Exercise description:
Copy the listing exactly, images excluded.

*** Begin section ***

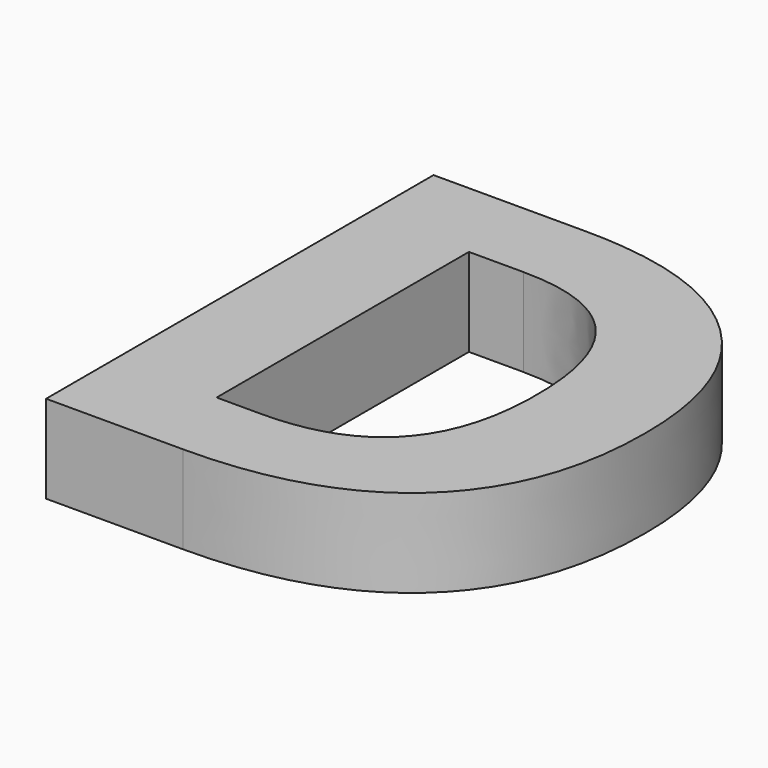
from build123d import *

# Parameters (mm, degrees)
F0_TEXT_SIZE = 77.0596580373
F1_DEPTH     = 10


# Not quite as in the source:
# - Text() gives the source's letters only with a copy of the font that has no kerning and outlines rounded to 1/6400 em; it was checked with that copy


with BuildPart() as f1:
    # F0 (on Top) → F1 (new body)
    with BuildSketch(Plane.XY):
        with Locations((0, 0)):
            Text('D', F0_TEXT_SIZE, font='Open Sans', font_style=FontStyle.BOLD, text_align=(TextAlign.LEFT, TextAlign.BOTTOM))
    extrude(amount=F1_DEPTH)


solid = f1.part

*** End section ***

Task result:
from build123d import *

# Parameters (mm, degrees)
F0_TEXT_SIZE = 77.0596580373
F1_DEPTH     = 10


# Not quite as in the source:
# - Text() gives the source's letters only with a copy of the font that has no kerning and outlines rounded to 1/6400 em; it was checked with that copy


with BuildPart() as f1:
    # F0 (on Top) → F1 (new body)
    with BuildSketch(Plane.XY):
        with Locations((0, 0)):
            Text('D', F0_TEXT_SIZE, font='Open Sans', font_style=FontStyle.BOLD, text_align=(TextAlign.LEFT, TextAlign.BOTTOM))
    extrude(amount=F1_DEPTH)


solid = f1.part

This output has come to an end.